Skip to content

CBC — keep the radio

So keep CBC radio, dump CBC TV (and save $1 billion or more out of the taxpayer’s pocket) and let the new technological realities proceed.

The CBC is a successor organization to the Canadian Radio Broadcasting Commission, established in 1932 by the Conservative government of R.B. Bennett.

Succinctly, its mandate is to provide a wide range of programming that “informs, enlightens and entertains.”

Within that mandate it is required to pay attention to a multitude of considerations such as regionalism, cultural expression, official language representation, equivalent quality in English and French, contribute to national identity and reflect multiculturalism and multi racialism. Even Solomon would have difficulty with that tangle.
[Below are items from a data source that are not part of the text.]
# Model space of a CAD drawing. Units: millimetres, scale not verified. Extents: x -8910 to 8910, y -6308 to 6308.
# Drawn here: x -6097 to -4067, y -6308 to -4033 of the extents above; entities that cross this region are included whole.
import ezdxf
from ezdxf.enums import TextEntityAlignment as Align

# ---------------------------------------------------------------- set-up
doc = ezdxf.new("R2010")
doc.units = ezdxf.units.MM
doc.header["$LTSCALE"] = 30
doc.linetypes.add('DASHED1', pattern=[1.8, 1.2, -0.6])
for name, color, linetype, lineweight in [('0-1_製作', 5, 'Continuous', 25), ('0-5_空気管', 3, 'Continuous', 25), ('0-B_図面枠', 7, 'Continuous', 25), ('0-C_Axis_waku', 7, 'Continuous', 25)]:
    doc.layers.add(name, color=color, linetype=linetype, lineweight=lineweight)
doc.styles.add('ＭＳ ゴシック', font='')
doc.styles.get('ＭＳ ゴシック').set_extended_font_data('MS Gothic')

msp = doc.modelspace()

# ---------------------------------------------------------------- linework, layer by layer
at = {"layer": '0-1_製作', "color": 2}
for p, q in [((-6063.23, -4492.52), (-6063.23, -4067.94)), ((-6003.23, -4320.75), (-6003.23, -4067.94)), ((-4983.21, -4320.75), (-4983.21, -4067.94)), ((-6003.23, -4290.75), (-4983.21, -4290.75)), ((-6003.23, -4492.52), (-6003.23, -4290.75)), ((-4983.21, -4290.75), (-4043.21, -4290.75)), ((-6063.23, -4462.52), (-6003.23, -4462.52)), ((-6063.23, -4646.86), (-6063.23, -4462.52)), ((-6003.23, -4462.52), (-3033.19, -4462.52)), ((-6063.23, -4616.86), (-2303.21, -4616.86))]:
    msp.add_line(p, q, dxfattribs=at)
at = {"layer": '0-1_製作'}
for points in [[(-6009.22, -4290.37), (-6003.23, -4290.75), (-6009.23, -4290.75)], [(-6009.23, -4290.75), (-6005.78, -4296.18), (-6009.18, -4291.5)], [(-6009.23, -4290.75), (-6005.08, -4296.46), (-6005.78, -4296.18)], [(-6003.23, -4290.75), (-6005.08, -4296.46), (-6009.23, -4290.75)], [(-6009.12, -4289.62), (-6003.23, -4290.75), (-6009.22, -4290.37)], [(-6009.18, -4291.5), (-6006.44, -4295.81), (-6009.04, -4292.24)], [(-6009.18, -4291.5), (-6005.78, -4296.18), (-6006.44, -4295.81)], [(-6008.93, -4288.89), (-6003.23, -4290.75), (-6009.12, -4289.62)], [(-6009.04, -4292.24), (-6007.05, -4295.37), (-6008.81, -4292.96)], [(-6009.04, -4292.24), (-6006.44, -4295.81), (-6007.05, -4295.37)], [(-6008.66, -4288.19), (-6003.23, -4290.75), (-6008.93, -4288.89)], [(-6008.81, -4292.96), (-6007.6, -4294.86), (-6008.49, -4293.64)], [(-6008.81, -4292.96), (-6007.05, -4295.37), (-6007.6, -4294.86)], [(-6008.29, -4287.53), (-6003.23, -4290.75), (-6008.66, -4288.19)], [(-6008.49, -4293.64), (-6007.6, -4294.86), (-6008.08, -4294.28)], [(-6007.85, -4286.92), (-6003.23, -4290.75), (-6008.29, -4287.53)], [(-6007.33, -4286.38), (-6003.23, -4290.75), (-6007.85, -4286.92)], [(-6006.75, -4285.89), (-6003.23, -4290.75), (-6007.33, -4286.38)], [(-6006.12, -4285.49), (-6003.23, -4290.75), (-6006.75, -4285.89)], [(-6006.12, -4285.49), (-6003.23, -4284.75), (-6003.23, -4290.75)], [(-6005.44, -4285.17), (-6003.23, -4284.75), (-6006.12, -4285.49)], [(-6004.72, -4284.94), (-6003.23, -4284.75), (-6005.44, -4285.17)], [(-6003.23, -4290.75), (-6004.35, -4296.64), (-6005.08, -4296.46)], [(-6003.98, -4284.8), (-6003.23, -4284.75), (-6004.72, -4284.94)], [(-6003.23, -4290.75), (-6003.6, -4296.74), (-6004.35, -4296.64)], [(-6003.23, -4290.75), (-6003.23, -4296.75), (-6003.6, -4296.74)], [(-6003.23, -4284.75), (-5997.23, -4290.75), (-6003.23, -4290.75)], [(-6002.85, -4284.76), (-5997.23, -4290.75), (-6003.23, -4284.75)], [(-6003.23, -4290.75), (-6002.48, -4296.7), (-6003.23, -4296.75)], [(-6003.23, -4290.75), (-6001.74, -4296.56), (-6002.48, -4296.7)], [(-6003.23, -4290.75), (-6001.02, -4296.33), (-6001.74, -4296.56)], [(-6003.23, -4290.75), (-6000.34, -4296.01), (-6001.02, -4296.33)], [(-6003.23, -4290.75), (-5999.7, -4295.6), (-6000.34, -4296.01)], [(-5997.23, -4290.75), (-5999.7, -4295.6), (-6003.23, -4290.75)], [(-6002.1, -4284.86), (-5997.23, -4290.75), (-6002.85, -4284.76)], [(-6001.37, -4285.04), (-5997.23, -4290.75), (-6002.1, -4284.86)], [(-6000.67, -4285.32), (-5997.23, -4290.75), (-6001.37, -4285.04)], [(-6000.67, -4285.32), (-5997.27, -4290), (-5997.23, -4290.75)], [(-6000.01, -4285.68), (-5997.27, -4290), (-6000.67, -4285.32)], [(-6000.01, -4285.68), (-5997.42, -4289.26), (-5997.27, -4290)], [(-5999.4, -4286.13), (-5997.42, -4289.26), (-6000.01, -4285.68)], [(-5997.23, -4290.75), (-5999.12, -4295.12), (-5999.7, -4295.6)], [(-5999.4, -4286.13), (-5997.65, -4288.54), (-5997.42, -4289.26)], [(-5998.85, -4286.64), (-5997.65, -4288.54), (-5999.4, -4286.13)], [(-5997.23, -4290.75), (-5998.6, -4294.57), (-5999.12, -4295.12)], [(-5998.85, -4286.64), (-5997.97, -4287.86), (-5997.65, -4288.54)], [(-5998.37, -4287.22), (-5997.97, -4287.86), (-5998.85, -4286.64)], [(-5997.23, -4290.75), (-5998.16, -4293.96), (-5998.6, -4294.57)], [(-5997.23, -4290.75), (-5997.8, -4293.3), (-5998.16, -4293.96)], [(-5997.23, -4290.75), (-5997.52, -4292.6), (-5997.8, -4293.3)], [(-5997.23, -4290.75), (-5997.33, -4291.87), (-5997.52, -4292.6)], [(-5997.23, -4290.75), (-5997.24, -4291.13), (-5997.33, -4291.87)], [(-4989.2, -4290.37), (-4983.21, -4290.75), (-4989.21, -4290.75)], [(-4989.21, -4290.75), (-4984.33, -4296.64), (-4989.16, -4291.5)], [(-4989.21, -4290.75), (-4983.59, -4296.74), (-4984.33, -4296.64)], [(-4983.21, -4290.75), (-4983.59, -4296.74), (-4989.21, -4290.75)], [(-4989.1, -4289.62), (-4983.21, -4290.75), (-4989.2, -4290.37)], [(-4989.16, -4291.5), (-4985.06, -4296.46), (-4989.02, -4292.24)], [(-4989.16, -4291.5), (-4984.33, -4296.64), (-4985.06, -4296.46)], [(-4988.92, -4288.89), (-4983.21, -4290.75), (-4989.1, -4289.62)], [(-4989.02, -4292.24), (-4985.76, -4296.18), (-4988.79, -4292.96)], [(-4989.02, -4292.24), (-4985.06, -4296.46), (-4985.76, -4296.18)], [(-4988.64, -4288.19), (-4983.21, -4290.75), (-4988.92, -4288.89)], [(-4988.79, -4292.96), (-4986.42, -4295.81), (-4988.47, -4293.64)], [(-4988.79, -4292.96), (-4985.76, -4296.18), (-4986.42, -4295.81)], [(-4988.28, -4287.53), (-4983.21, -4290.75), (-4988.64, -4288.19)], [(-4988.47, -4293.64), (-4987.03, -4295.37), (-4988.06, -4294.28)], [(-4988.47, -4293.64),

I enjoy CBC radio very much. It is a medium that is better adapted to deal with the foregoing criteria. It is a cheaper system to operate and covers Canada’s vastness. CBC radio’s share is now three times larger than the audience share of CBC-TV. It should be strongly supported.

I do not enjoy CBC television and have stopped watching it. According to Canadian Media Research, CBC-TV ratings are down to the level of a specialty channel, with five per cent of the viewers. It seems other Canadians are thinking along my lines. Even the highly-touted CBC News does not figure in the top 30 English programs week after week (See Numeris web site). But the CTV Evening News does.

CBC has become irrelevant except to an elitist Toronto group which has captured it. Perhaps others, like myself, are tired of hearing endless cries for social justice, rights for everything and everyone, or the evils of capitalism. Have you noticed the Liberal and NDP signs dancing around the ‘Vote CBC’ ones? Balanced and objective the CBC is not.

So keep CBC radio, dump CBC TV (and save $1 billion or more out of the taxpayer’s pocket) and let the new technological realities proceed.